While taking SQL Server Reporting Services (SSRS) for a trial run I came across a small disadvantage of the Reporting Services scheduler, which indirectly meant a small disadvantage of the SQL Scheduler. I had several clients that were possible SSRS recipients but the desired timelines were throwing a possible manual process into the mix. The central theme of the desired schedules centered around the closing of the accounting period which occurred on the 7th business day of the month versus the calendar day, which was what the SQL Scheduler natively supports. To alleviate this problem I put together a procedure that updates the schedule entries with the appropriate business day of the month, as well as a new table and helper functions.

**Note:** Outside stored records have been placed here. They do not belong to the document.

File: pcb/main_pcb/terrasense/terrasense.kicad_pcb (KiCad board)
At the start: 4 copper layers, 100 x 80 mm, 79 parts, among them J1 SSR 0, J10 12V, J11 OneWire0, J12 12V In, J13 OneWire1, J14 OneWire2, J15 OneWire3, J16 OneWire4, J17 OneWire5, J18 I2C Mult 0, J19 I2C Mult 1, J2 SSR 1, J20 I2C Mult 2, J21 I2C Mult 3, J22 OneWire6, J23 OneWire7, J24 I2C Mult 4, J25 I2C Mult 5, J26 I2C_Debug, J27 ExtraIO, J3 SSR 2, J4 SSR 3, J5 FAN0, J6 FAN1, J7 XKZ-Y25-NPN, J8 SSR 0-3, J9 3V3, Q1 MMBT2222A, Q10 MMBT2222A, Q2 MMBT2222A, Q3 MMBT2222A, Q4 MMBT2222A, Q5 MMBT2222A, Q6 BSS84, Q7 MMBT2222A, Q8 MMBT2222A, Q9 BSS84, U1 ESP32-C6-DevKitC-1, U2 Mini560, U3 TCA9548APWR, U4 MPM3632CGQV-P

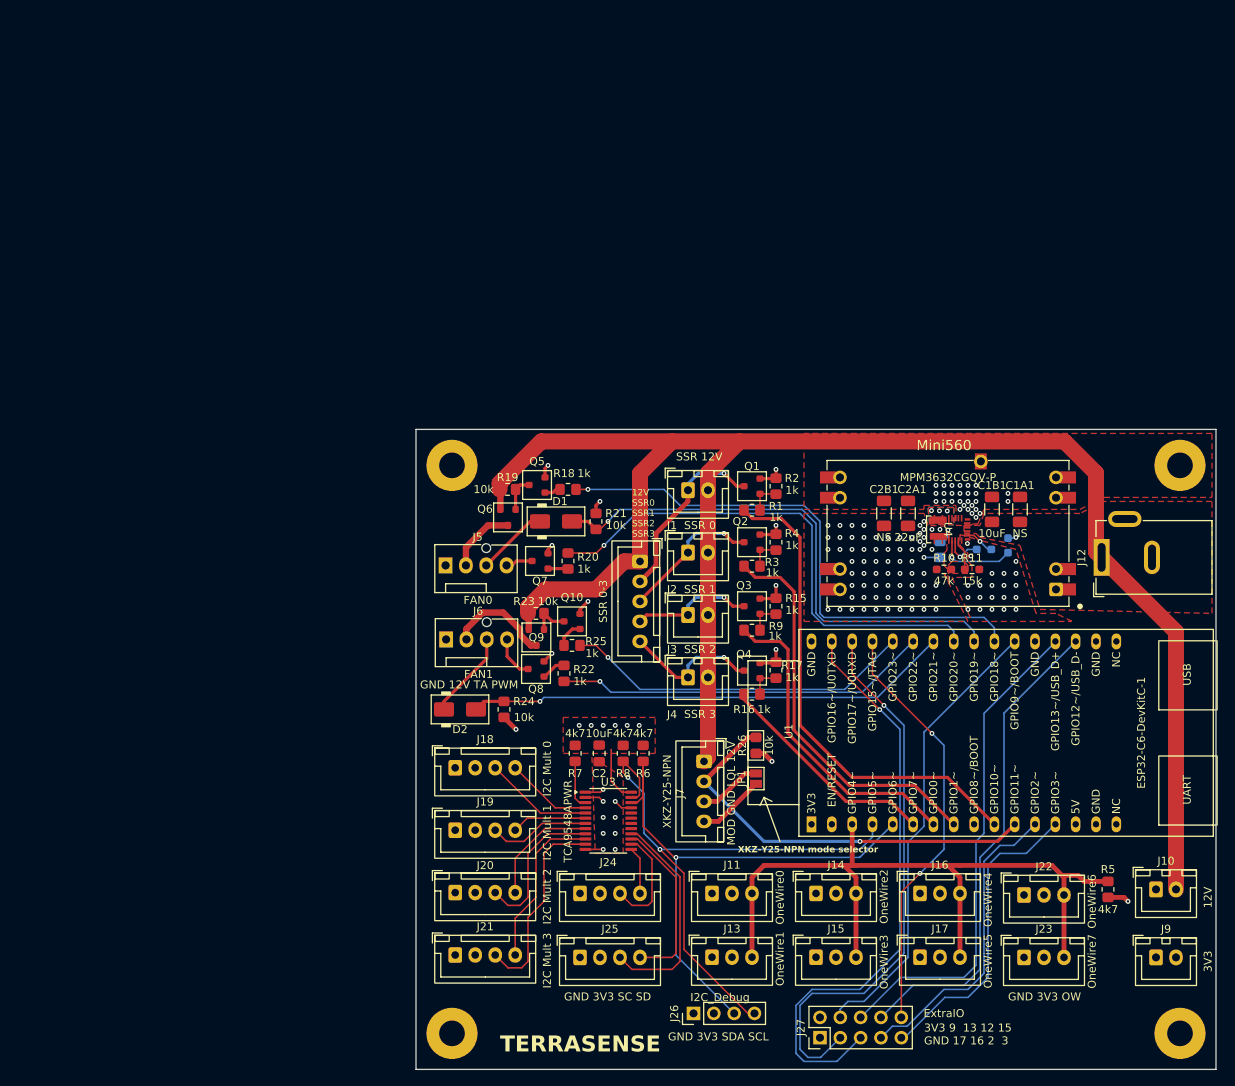
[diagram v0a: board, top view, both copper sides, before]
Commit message: update pcb with ordered pcb
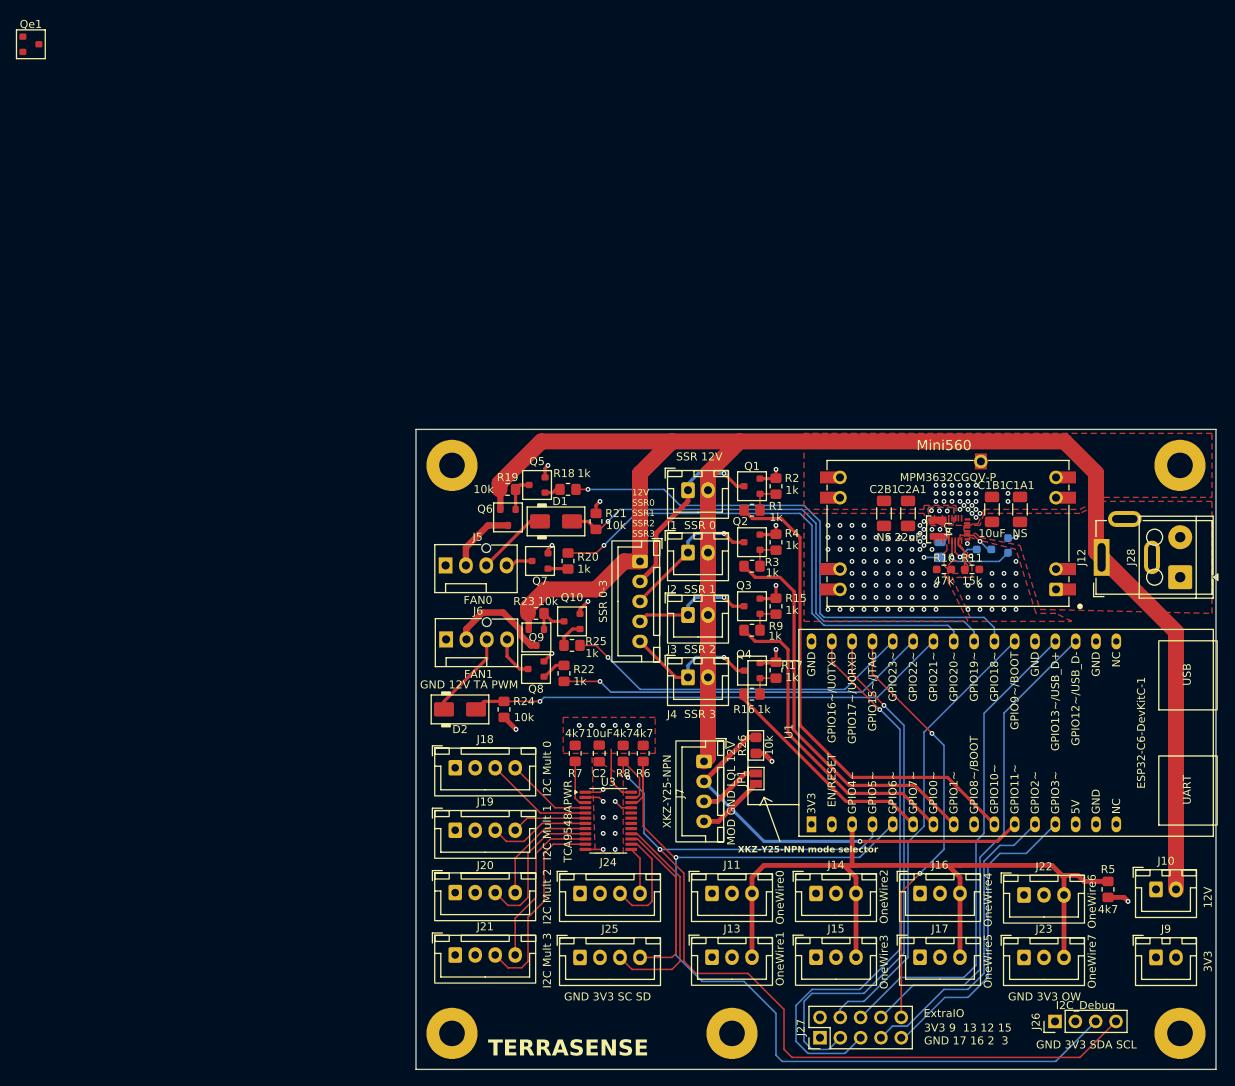
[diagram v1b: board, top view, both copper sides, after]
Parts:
- added J28: 12V_In, TerminalBlock_Altech:Altech_AK100_1x02_P5.00mm, F.Cu at (145.5, 68.5)
- added Qe1: A3401, PCM_Package_TO_SOT_SMD_AKL:SOT-23, F.Cu at (1.86, 1.86)
- added REF**: MH4, MountingHole:MountingHole_3.2mm_M3_Pad, F.Cu at (89.5, 125.5)
- Q6, Q9: value BSS84 -> A3401
- moved J26 45.2 mm to (129.9, 124.0)
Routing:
- net /I2C_MULT/I2C_SDA: track 73.8 -> 126.9 mm
- net /I2C_MULT/I2C_SCL: track 71.4 -> 124.2 mm
- net /GPIO17/U0RXD: track 69.3 -> 67.2 mm
- net /GPIO16/U0TXD: track 73.7 -> 72.0 mm

Together, these objects are designed to update the calendar day entry of the SQL Agent schedule with the business day that was calculated from the passed date. The code is available for download here. To implement this it will be necessary to create a job that runs periodically and calls the procedure.
The code sample consists of the following:
- Structure for the table to store the calendar days for each of the schedules that need to run on a specific business day
- Data inserts for the table
- Helper functions that provide the values to store in the system tables. NOTE: fnuGetWorkDay uses a table (HOLIDAY) that falls outside the scope of this script.
- Procedure that updates the values
Here is an example call to the procedure to put in a job step:
EXEC dbo.spuSETFiscalSchedules @dt = ’12/1/2005′
Either the target database or the code will need some changes to get this working, but hopefully this provides a starting place for those interested.